Task — Every line holding the string "distance" should be copied out of the listing.
Entries shown: Begin
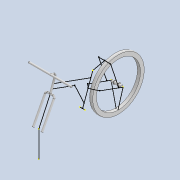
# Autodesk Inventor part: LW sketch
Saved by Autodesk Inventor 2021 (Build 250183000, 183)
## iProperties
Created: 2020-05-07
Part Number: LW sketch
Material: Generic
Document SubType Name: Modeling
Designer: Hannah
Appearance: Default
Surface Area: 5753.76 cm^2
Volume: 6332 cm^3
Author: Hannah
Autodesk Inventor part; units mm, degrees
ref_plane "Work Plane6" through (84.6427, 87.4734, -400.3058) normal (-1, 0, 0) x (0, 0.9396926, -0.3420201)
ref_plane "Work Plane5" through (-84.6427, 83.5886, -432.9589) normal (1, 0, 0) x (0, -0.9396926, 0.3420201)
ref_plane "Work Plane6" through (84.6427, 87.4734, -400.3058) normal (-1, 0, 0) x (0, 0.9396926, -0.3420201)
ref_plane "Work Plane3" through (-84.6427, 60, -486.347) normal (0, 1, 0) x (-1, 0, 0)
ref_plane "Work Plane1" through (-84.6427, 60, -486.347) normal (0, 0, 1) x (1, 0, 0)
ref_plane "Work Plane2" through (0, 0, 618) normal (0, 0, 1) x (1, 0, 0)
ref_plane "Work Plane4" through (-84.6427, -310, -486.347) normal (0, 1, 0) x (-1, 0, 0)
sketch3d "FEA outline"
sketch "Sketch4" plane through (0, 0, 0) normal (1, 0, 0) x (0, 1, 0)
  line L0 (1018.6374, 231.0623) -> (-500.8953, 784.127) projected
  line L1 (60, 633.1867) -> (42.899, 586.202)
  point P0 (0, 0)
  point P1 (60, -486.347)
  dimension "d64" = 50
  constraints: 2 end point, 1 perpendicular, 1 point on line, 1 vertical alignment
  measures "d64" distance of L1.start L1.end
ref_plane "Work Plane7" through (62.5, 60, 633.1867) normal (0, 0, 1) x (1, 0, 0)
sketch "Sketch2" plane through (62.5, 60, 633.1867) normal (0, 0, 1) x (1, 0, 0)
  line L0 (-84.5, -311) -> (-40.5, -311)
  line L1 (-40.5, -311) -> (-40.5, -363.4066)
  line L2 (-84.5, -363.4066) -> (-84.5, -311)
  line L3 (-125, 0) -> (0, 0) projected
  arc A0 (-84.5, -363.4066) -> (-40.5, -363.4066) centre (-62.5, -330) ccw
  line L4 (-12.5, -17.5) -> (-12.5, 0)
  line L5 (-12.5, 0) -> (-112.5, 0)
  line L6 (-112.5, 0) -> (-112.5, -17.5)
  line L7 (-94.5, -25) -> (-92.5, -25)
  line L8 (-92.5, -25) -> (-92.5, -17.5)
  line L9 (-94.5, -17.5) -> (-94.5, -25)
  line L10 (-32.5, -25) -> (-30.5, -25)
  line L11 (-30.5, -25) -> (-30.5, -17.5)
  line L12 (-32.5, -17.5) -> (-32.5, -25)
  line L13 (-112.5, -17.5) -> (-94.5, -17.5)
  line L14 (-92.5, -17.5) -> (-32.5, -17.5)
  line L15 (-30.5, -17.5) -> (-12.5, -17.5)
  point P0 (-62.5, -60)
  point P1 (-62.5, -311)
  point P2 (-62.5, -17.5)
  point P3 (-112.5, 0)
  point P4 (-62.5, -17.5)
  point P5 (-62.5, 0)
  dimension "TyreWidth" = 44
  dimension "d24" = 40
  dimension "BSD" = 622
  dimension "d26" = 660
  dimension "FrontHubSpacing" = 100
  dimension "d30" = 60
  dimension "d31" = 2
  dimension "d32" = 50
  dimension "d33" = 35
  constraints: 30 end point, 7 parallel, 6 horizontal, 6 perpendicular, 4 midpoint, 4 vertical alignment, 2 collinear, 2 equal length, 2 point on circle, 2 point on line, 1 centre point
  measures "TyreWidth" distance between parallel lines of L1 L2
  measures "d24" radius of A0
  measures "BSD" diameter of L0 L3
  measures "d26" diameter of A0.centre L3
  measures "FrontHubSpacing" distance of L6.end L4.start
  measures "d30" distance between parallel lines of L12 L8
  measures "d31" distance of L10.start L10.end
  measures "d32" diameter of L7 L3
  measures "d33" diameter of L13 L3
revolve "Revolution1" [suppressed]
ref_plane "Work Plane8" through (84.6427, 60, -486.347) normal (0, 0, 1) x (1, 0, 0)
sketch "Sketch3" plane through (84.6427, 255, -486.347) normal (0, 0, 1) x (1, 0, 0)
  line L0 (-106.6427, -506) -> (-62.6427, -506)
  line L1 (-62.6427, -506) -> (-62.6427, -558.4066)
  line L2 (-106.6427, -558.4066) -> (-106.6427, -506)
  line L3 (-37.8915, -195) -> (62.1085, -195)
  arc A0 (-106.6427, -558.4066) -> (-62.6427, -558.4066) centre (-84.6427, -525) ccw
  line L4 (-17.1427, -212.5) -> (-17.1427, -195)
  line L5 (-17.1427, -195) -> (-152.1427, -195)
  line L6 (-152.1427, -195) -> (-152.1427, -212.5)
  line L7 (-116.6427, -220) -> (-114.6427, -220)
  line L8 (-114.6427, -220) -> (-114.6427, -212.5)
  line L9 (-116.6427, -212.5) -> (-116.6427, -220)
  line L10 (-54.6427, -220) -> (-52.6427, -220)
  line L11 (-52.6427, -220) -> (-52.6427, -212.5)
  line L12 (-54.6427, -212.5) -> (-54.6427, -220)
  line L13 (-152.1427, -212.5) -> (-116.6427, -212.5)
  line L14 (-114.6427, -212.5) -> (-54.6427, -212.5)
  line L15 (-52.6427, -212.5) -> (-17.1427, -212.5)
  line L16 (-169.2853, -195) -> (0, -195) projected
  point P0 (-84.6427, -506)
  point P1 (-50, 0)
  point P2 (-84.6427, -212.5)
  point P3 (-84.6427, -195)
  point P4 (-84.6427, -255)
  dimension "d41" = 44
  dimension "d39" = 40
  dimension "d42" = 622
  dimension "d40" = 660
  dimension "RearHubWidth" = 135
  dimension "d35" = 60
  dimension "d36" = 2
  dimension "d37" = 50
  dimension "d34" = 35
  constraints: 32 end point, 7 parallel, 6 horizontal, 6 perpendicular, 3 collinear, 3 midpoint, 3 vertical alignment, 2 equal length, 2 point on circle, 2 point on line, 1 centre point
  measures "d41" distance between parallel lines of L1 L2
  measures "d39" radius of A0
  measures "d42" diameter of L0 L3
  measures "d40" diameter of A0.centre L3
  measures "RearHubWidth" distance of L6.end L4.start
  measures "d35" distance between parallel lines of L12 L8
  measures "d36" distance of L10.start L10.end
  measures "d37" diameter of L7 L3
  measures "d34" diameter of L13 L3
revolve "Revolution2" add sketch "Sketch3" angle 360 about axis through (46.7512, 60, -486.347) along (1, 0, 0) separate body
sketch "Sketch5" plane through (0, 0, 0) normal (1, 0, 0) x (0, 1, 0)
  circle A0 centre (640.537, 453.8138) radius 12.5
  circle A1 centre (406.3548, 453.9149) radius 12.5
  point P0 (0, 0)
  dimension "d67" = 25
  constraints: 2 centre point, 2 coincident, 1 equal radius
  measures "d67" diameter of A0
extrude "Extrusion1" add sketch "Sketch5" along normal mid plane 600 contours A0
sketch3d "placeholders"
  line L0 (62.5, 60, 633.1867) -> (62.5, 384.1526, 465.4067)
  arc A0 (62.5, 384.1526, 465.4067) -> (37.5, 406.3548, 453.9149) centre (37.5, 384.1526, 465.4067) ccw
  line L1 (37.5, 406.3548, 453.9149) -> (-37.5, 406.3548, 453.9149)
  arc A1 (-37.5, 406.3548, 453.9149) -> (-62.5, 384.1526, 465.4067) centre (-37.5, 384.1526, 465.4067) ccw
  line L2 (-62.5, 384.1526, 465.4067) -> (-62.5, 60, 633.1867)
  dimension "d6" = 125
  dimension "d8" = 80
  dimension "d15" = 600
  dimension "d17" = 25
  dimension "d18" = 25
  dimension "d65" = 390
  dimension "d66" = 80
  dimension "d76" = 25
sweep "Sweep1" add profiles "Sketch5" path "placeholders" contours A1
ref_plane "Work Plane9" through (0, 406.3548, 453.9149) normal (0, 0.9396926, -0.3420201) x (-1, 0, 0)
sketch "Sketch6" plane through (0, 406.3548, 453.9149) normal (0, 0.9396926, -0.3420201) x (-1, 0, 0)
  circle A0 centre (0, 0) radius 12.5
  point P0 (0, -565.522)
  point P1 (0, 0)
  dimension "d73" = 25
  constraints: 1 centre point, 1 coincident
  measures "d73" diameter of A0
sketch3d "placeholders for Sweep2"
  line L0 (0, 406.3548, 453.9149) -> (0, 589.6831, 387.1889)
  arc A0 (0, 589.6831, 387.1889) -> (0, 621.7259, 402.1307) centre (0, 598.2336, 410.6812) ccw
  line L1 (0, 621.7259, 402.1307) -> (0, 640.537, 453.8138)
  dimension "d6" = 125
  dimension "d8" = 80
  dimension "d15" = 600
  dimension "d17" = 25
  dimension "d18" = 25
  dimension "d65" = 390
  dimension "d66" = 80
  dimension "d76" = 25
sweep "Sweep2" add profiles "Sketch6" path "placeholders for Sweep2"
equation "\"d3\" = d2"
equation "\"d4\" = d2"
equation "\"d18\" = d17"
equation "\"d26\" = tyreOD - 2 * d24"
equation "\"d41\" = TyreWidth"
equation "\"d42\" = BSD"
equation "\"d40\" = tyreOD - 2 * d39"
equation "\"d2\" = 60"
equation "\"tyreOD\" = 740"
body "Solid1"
Entries shown: End
Expected answer —
  measures "d64" distance of L1.start L1.end
  measures "TyreWidth" distance between parallel lines of L1 L2
  measures "FrontHubSpacing" distance of L6.end L4.start
  measures "d30" distance between parallel lines of L12 L8
  measures "d31" distance of L10.start L10.end
  measures "d41" distance between parallel lines of L1 L2
  measures "RearHubWidth" distance of L6.end L4.start
  measures "d35" distance between parallel lines of L12 L8
  measures "d36" distance of L10.start L10.end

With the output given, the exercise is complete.